Term Insurance is the most basic form of life insurance. You are insured for a fixed number of years. If you pass away during this period, your beneficiary gets the money. If you don't, nobody gets anything.

2. Decide on the type of life insurance policy you want.

The Endowment Policy will give the money to the person you name as the beneficiary if you pass away.
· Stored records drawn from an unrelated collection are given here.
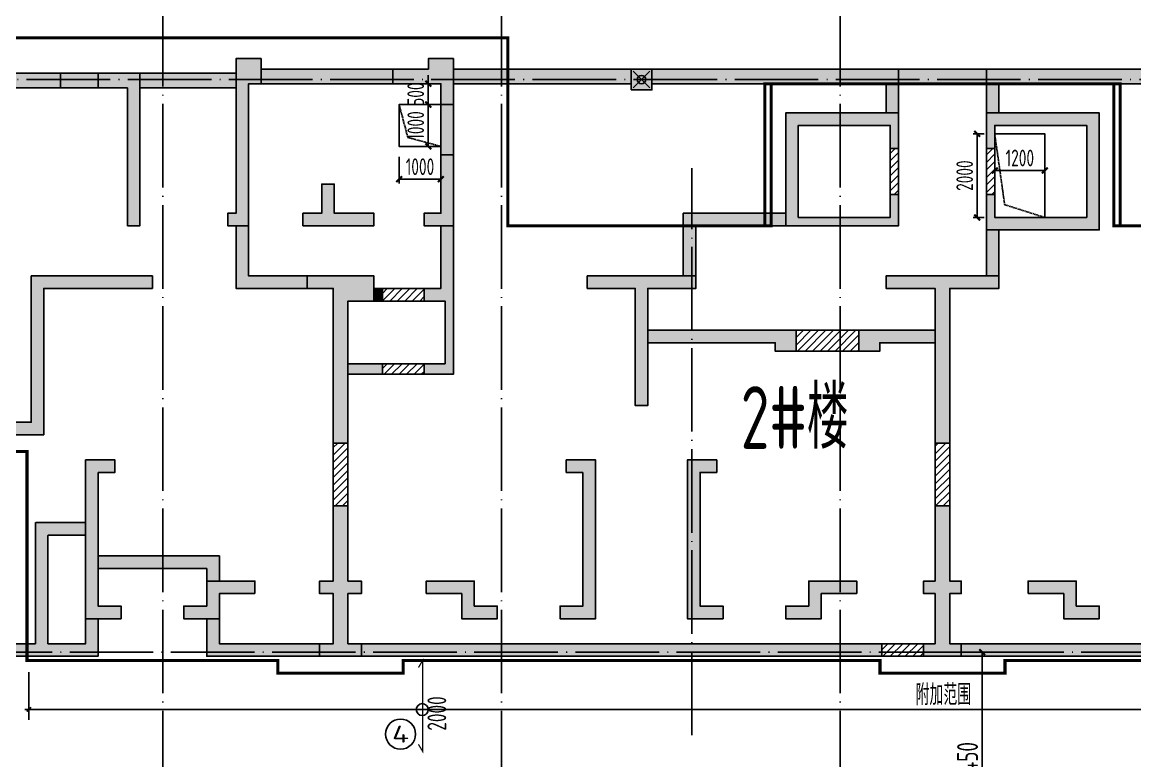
# Model space of a CAD drawing. Extents: x -57409 to 252654, y -8259 to 229119.
# Drawn here: x 98913 to 125528, y 195714 to 213383 of the extents above; entities that cross this region are included whole.
import ezdxf
from ezdxf.enums import TextEntityAlignment as Align

# ---------------------------------------------------------------- set-up
doc = ezdxf.new("R2010")
doc.units = 0
doc.header["$LTSCALE"] = 100
doc.header["$PDMODE"] = 35
doc.header["$PDSIZE"] = 200
doc.linetypes.add('DASH', pattern=[0.35, 0.25, -0.1])
doc.linetypes.add('DOTE', pattern=[2.42, 2, -0.2, 0.02, -0.2])
doc.layers.get('0').update_dxf_attribs({"linetype": 'CONTINUOUS'})
doc.layers.get('Defpoints').update_dxf_attribs({"linetype": 'CONTINUOUS'})
for name, color, linetype in [('B-TEXT', 3, 'CONTINUOUS'), ('codim', 7, 'CONTINUOUS'), ('COLU', 7, 'CONTINUOUS'), ('CT', 2, 'CONTINUOUS'), ('dim-wall', 7, 'CONTINUOUS'), ('dote', 253, 'DOTE'), ('h填实-主楼', 254, 'CONTINUOUS'), ('h填实-柱墙', 254, 'CONTINUOUS'), ('h斜线-墙', 7, 'CONTINUOUS'), ('JSK', 4, 'CONTINUOUS'), ('MK门框', 6, 'CONTINUOUS'), ('WALL', 3, 'CONTINUOUS'), ('wall-主楼', 2, 'CONTINUOUS'), ('wall-开洞', 5, 'CONTINUOUS'), ('Z-AXIS', 3, 'CONTINUOUS'), ('Z-TEXT', 2, 'CONTINUOUS'), ('板底钢筋', 24, 'CONTINUOUS'), ('楼板负筋标注', 94, 'CONTINUOUS')]:
    doc.layers.add(name, color=color, linetype=linetype)
doc.layers.add('重心计算', color=7, linetype='CONTINUOUS', plot=False)
doc.styles.add('_TCH_AXIS', font='tssdeng.shx', dxfattribs={"width": 0.7, "bigfont": 'tssdchn.shx'})
doc.styles.add('COMPLEX', font='tssdeng.shx', dxfattribs={"width": 0.7, "bigfont": 'tssdchn.shx'})
doc.styles.add('Jgcad-DIM', font='tssdeng.shx', dxfattribs={"width": 0.7, "bigfont": 'tssdchn.shx'})
doc.styles.get("Standard").update_dxf_attribs({"font": 'tssdeng.shx', "width": 0.7, "bigfont": 'tssdchn.shx'})
doc.styles.add('TSSD_Dimension', font='tssdeng.shx', dxfattribs={"width": 0.7})
doc.dimstyles.new('TSSD_100_100$0', dxfattribs={"dimtxt": 300, "dimasz": 100, "dimexe": 100, "dimexo": 250, "dimgap": 100, "dimtad": 1, "dimdec": 0, "dimzin": 0, "dimdsep": 46, "dimtxsty": 'TSSD_Dimension', "dimblk": '_tsdbk', "dimblk1": '_tsdbk', "dimblk2": '_tsdbk', "dimsah": 1, "dimcen": 0, "dimdle": 100, "dimclrt": 7, "dimadec": 0, "dimazin": 0, "dimtfac": 1, "dimtdec": 0, "dimtix": 1, "dimtmove": 2, "dimatfit": 3, "dimldrblk": '_tsdbk', "dimfxl": 1, "dimtolj": 1, "dimtzin": 0, "dimarcsym": 0})
pattern_1 = [(45, (9856.54, 8286.87), (-89.80256, 89.80256), [])]

# ---------------------------------------------------------------- blocks, each defined once
blk = doc.blocks.new('_tsdbk')
blk.add_line((-1, 0), (0, 0))
at = {"const_width": 0.5}
blk.add_lwpolyline([(-0.7, -0.7), (0.7, 0.7)], dxfattribs=at)
blk = doc.blocks.new('*D305')
at = {"layer": 'Defpoints', "color": 0}
for p in [(120616, 198313), (121877, 198313), (120616, 192863)]:
    blk.add_point(p, dxfattribs=at)
at = {"layer": 'Z-AXIS', "color": 0, "lineweight": -2}
for p, q in [((120866, 198313), (121977, 198313)), ((121877, 192963), (121877, 198213)), ((120866, 192863), (121977, 192863))]:
    blk.add_line(p, q, dxfattribs=at)
at = {"layer": 'Z-AXIS', "color": 0, "lineweight": -2, "xscale": 100, "yscale": 100, "zscale": 100}
for p, rotation in [((121877, 198313), 90), ((121877, 192863), 270)]:
    blk.add_blockref('_tsdbk', p, dxfattribs=dict(at, rotation=rotation))
at = {"layer": 'Z-AXIS', "color": 7, "insert": (121527, 195678), "char_height": 500, "attachment_point": 5, "rotation": 90, "style": 'TSSD_Dimension'}
blk.add_mtext('\\A1;5450', dxfattribs=at)
blk = doc.blocks.new('_AXISO')
blk.add_circle((0, 0), 0.5)
at = {"layer": 'B-TEXT', "style": 'COMPLEX', "width": 1.450893}
blk.add_attdef('A', text='', height=0.56, dxfattribs=at).set_placement((0.249375, -0.28), (0.749375, -0.28), align=Align.FIT)
blk = doc.blocks.new('*D2726')
at = {"layer": 'Defpoints', "color": 0}
for p in [(107928, 210413), (108928, 210413), (108928, 209627)]:
    blk.add_point(p, dxfattribs=at)
at = {"layer": 'dim-wall', "color": 0, "lineweight": -2}
for p, q in [((107928, 210163), (107928, 209527)), ((108928, 210163), (108928, 209527)), ((108028, 209627), (108828, 209627))]:
    blk.add_line(p, q, dxfattribs=at)
at = {"layer": 'dim-wall', "color": 0, "lineweight": -2, "xscale": 100, "yscale": 100, "zscale": 100, "rotation": 180}
blk.add_blockref('_tsdbk', (107928, 209627), dxfattribs=at)
at = {"layer": 'dim-wall', "color": 0, "lineweight": -2, "xscale": 100, "yscale": 100, "zscale": 100}
blk.add_blockref('_tsdbk', (108928, 209627), dxfattribs=at)
at = {"layer": 'dim-wall', "color": 7, "insert": (108428, 209927), "char_height": 400, "attachment_point": 5, "style": 'TSSD_Dimension'}
blk.add_mtext('\\A1;1000', dxfattribs=at)
blk = doc.blocks.new('*D2727')
at = {"layer": 'Defpoints', "color": 0}
for p in [(108928, 211413), (108626, 210413), (108928, 210413)]:
    blk.add_point(p, dxfattribs=at)
at = {"layer": 'dim-wall', "color": 0, "lineweight": -2}
for p, q in [((108678, 211413), (108526, 211413)), ((108626, 211313), (108626, 210513)), ((108678, 210413), (108526, 210413))]:
    blk.add_line(p, q, dxfattribs=at)
at = {"layer": 'dim-wall', "color": 0, "lineweight": -2, "xscale": 100, "yscale": 100, "zscale": 100}
for p, rotation in [((108626, 211413), 90), ((108626, 210413), 270)]:
    blk.add_blockref('_tsdbk', p, dxfattribs=dict(at, rotation=rotation))
at = {"layer": 'dim-wall', "color": 7, "insert": (108326, 210913), "char_height": 400, "attachment_point": 5, "rotation": 90, "style": 'TSSD_Dimension'}
blk.add_mtext('\\A1;1000', dxfattribs=at)
blk = doc.blocks.new('*D2750')
at = {"layer": 'Defpoints', "color": 0}
for p in [(123378, 210303), (122178, 209890), (122178, 209835)]:
    blk.add_point(p, dxfattribs=at)
at = {"layer": 'dim-wall', "color": 0, "lineweight": -2}
for p, q in [((123378, 210053), (123378, 209735)), ((122178, 209640), (122178, 209735)), ((123278, 209835), (122278, 209835))]:
    blk.add_line(p, q, dxfattribs=at)
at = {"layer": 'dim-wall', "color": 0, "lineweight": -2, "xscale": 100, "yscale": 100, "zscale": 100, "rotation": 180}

If you don't, you get the money at the end of the tenure.

The Whole Life Policy will give the money to the person you name as your beneficiary when you die.

To understand the various types of policies, please read How much is your life worth?

Do remember to ensure your life insurance policies are a wealth distributing tool.

3. Opt for different maturity periods.

Instead of taking a single policy for a large sum over a single term, consider taking a number of policies of varying maturities, say 10 years for one policy, and 20 years for another.

If they are investment policies, and if you live through them, you will collect huge sums at different points in time.

4. Name more than one beneficiary.

Nominate different members of your family as nominees.

For example, it may be a good idea to name your spouse as beneficiary for a policy of a relatively shorter maturity, say 10 years.

For a long term policy -- over the next 20 or 25 years -- you may want to nominate your children.

There is another reason why nominating different persons is important: it may be difficult to believe that they will ever fight among themselves for the spoils, but look around.

Family disputes about the distribution of the deceased's estate among the legal heirs are common.